My grandmother, who knew more than a bit about omens, was somber the rest of the day.

When the two guests had returned to opposite ends of the world, there remained in the house only the detritus of their stay: the gifts my grandfather had brought; a brown patch scrubbed indelibly into the upstairs wall; in my sister’s room, where a writing desk had been set up for my grandmother, the typewriter purchased for the visit and the curiously tangled ink ribbons she’d abandoned.

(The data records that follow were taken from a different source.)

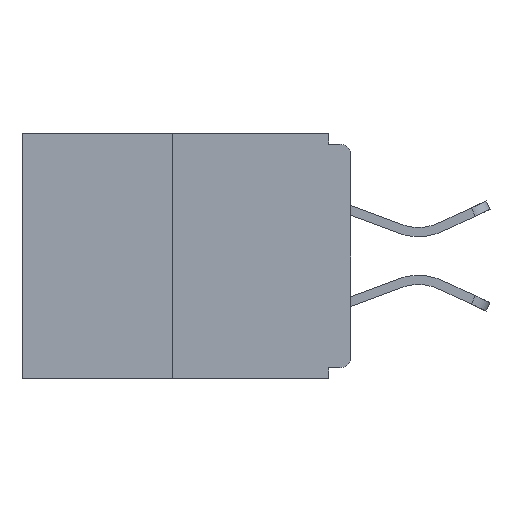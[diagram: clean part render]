
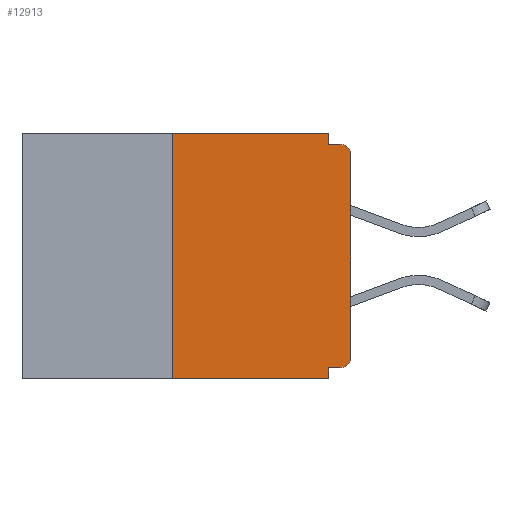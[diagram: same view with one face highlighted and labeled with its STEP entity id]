
A CAD part, left-side view. The second image highlights one B-rep face of the part: STEP entity #12913.
In plain terms, the highlighted planar face has unit normal (-1, 0, 0).
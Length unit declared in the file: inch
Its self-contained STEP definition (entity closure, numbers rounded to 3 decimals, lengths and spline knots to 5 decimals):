
#12 = FACE_OUTER_BOUND ( 'NONE', #16974, .T. ) ;
#173 = AXIS2_PLACEMENT_3D ( 'NONE', #5861, #2573, #17564 ) ;
#199 = EDGE_CURVE ( 'NONE', #420, #7550, #18023, .T. ) ;
#322 = CARTESIAN_POINT ( 'NONE',  ( 0., 0.031, -0.343 ) ) ;
#420 = VERTEX_POINT ( 'NONE', #993 ) ;
#993 = CARTESIAN_POINT ( 'NONE',  ( 0., 0.015, -0.328 ) ) ;
#1080 = ORIENTED_EDGE ( 'NONE', *, *, #20466, .F. ) ;
#1146 = DIRECTION ( 'NONE',  ( 0., 0., 1. ) ) ;
#1166 = AXIS2_PLACEMENT_3D ( 'NONE', #9513, #14230, #17580 ) ;
#1362 = ORIENTED_EDGE ( 'NONE', *, *, #5950, .F. ) ;
#1486 = ORIENTED_EDGE ( 'NONE', *, *, #1504, .T. ) ;
#1504 = EDGE_CURVE ( 'NONE', #16316, #15945, #9308, .T. ) ;
#1611 = LINE ( 'NONE', #3423, #20469 ) ;
#2573 = DIRECTION ( 'NONE',  ( 1., 0., 0. ) ) ;
#2588 = LINE ( 'NONE', #8252, #7554 ) ;
#3042 = VERTEX_POINT ( 'NONE', #17870 ) ;
#3053 = DIRECTION ( 'NONE',  ( 0., -1., 0. ) ) ;
#3219 = ORIENTED_EDGE ( 'NONE', *, *, #11338, .T. ) ;
#3356 = DIRECTION ( 'NONE',  ( 0., -1., 0. ) ) ;
#3362 = DIRECTION ( 'NONE',  ( 0., -1., 0. ) ) ;
#3423 = CARTESIAN_POINT ( 'NONE',  ( 0., 0.46, -0.343 ) ) ;
#3462 = CARTESIAN_POINT ( 'NONE',  ( 0., 0.031, -0.015 ) ) ;
#3541 = VECTOR ( 'NONE', #3362, 39.37008 ) ;
#3561 = VECTOR ( 'NONE', #3053, 39.37008 ) ;
#3677 = CARTESIAN_POINT ( 'NONE',  ( 0., 0.25, 0. ) ) ;
#3780 = VECTOR ( 'NONE', #15400, 39.37008 ) ;
#4090 = LINE ( 'NONE', #9828, #3561 ) ;
#4289 = CARTESIAN_POINT ( 'NONE',  ( 0., 0.031, 0. ) ) ;
#4687 = VERTEX_POINT ( 'NONE', #5733 ) ;
#5733 = CARTESIAN_POINT ( 'NONE',  ( 0., 0.031, -0.343 ) ) ;
#5827 = ORIENTED_EDGE ( 'NONE', *, *, #20928, .F. ) ;
#5861 = CARTESIAN_POINT ( 'NONE',  ( 0., 0.46, 0. ) ) ;
#5950 = EDGE_CURVE ( 'NONE', #17521, #15945, #7951, .T. ) ;
#6357 = LINE ( 'NONE', #15813, #10531 ) ;
#6483 = AXIS2_PLACEMENT_3D ( 'NONE', #17010, #10203, #18713 ) ;
#6975 = CARTESIAN_POINT ( 'NONE',  ( 0., 0., -0.03 ) ) ;
#7078 = VERTEX_POINT ( 'NONE', #3677 ) ;
#7172 = EDGE_CURVE ( 'NONE', #8802, #17521, #6357, .T. ) ;
#7550 = VERTEX_POINT ( 'NONE', #17320 ) ;
#7554 = VECTOR ( 'NONE', #19961, 39.37008 ) ;
#7951 = LINE ( 'NONE', #13214, #3541 ) ;
#8252 = CARTESIAN_POINT ( 'NONE',  ( 0., 0., 0. ) ) ;
#8792 = LINE ( 'NONE', #13596, #10082 ) ;
#8802 = VERTEX_POINT ( 'NONE', #4289 ) ;
#9047 = CARTESIAN_POINT ( 'NONE',  ( 0., 0.015, -0.015 ) ) ;
#9308 = CIRCLE ( 'NONE', #1166, 0.015 ) ;
#9513 = CARTESIAN_POINT ( 'NONE',  ( 0., 0.015, -0.03 ) ) ;
#9828 = CARTESIAN_POINT ( 'NONE',  ( 0., 0.46, 0. ) ) ;
#10082 = VECTOR ( 'NONE', #13674, 39.37008 ) ;
#10203 = DIRECTION ( 'NONE',  ( -1., 0., 0. ) ) ;
#10531 = VECTOR ( 'NONE', #18891, 39.37008 ) ;
#10820 = LINE ( 'NONE', #322, #3780 ) ;
#11338 = EDGE_CURVE ( 'NONE', #3042, #4687, #1611, .T. ) ;
#12580 = PLANE ( 'NONE',  #173 ) ;
#12658 = ORIENTED_EDGE ( 'NONE', *, *, #199, .T. ) ;
#12913 = ADVANCED_FACE ( 'NONE', ( #12 ), #12580, .F. ) ;
#12961 = ORIENTED_EDGE ( 'NONE', *, *, #18783, .T. ) ;
#13214 = CARTESIAN_POINT ( 'NONE',  ( 0., 0., -0.015 ) ) ;
#13596 = CARTESIAN_POINT ( 'NONE',  ( 0., 0., -0.328 ) ) ;
#13674 = DIRECTION ( 'NONE',  ( 0., 1., 0. ) ) ;
#14230 = DIRECTION ( 'NONE',  ( -1., 0., 0. ) ) ;
#14807 = CARTESIAN_POINT ( 'NONE',  ( 0., 0.031, -0.328 ) ) ;
#15400 = DIRECTION ( 'NONE',  ( 0., 0., -1. ) ) ;
#15813 = CARTESIAN_POINT ( 'NONE',  ( 0., 0.031, 0. ) ) ;
#15945 = VERTEX_POINT ( 'NONE', #9047 ) ;
#16316 = VERTEX_POINT ( 'NONE', #6975 ) ;
#16473 = EDGE_CURVE ( 'NONE', #17451, #4687, #10820, .T. ) ;
#16480 = VECTOR ( 'NONE', #1146, 39.37008 ) ;
#16974 = EDGE_LOOP ( 'NONE', ( #1080, #19888, #3219, #19510, #5827, #12658, #12961, #1486, #1362, #18934 ) ) ;
#17010 = CARTESIAN_POINT ( 'NONE',  ( 0., 0.015, -0.313 ) ) ;
#17320 = CARTESIAN_POINT ( 'NONE',  ( 0., 0., -0.313 ) ) ;
#17451 = VERTEX_POINT ( 'NONE', #14807 ) ;
#17521 = VERTEX_POINT ( 'NONE', #3462 ) ;
#17564 = DIRECTION ( 'NONE',  ( 0., 0., -1. ) ) ;
#17580 = DIRECTION ( 'NONE',  ( 0., 0., -1. ) ) ;
#17870 = CARTESIAN_POINT ( 'NONE',  ( 0., 0.25, -0.343 ) ) ;
#18023 = CIRCLE ( 'NONE', #6483, 0.015 ) ;
#18289 = EDGE_CURVE ( 'NONE', #3042, #7078, #20934, .T. ) ;
#18713 = DIRECTION ( 'NONE',  ( 0., 0., -1. ) ) ;
#18783 = EDGE_CURVE ( 'NONE', #7550, #16316, #2588, .T. ) ;
#18891 = DIRECTION ( 'NONE',  ( 0., 0., -1. ) ) ;
#18934 = ORIENTED_EDGE ( 'NONE', *, *, #7172, .F. ) ;
#19431 = CARTESIAN_POINT ( 'NONE',  ( 0., 0.25, 0. ) ) ;
#19510 = ORIENTED_EDGE ( 'NONE', *, *, #16473, .F. ) ;
#19888 = ORIENTED_EDGE ( 'NONE', *, *, #18289, .F. ) ;
#19961 = DIRECTION ( 'NONE',  ( 0., 0., 1. ) ) ;
#20466 = EDGE_CURVE ( 'NONE', #7078, #8802, #4090, .T. ) ;
#20469 = VECTOR ( 'NONE', #3356, 39.37008 ) ;
#20928 = EDGE_CURVE ( 'NONE', #420, #17451, #8792, .T. ) ;
#20934 = LINE ( 'NONE', #19431, #16480 ) ;

She always shuffled cards as she wrote, but when my mother cleaned she found only five, their margins softly obliterated. Of the Hanged Man, only the bottom half remained. Lost in the fog of whatever world she’d been creating, or in the present world (announcing its intentions so brazenly), or perhaps in some past and brutal one, my grandmother had chewed and swallowed almost the entire pack.

EXPOSITION

[
TAPE #2: 4 MINUTES, 13 SECONDS
]

Would a glass of water be possible?

June the fourteenth. The
theater on

The rumors we heard—on entering the theater—were thus: That Sophia Speri had refused several opportunities to leave the country, that she remained maniacally insistent on completing this final concert. That her husband had divorced and disavowed her, that he had fled. [Unintelligible.] I don’t know, mind you, if this—it was what they said.

Yes.

We heard a man say, “Ah, if she’d been a clarinetist, she might have run through the hills with her instrument. But she’s married to the beast with ivory keys. She’d sooner cut off her own arms than run to a refugee camp in
with no pianos.” We did not engage him in conversation. This was heard in passing.

Remember, please, that it was dark.

I believe that everyone in attendance understood the gravity of the situation. The invitations were secret, the hall was blackened. No one uttered her name. I made note of this.

I don’t recall. There—the only further talk was of the music, the sheet music.

That her brother had smuggled it into the country.

This is only what the woman was saying, a woman’s voice in the dark. That he had [unintelligible] the trick by reprinting each sheet of the piano score, along with mismatched lyrics to folk songs, confident that the border police could not pick out the tune. That the piece was thought unperformable by only two hands, a sort of composer’s joke, you know, that it required at least three hands, with one pianist sitting on the other’s lap.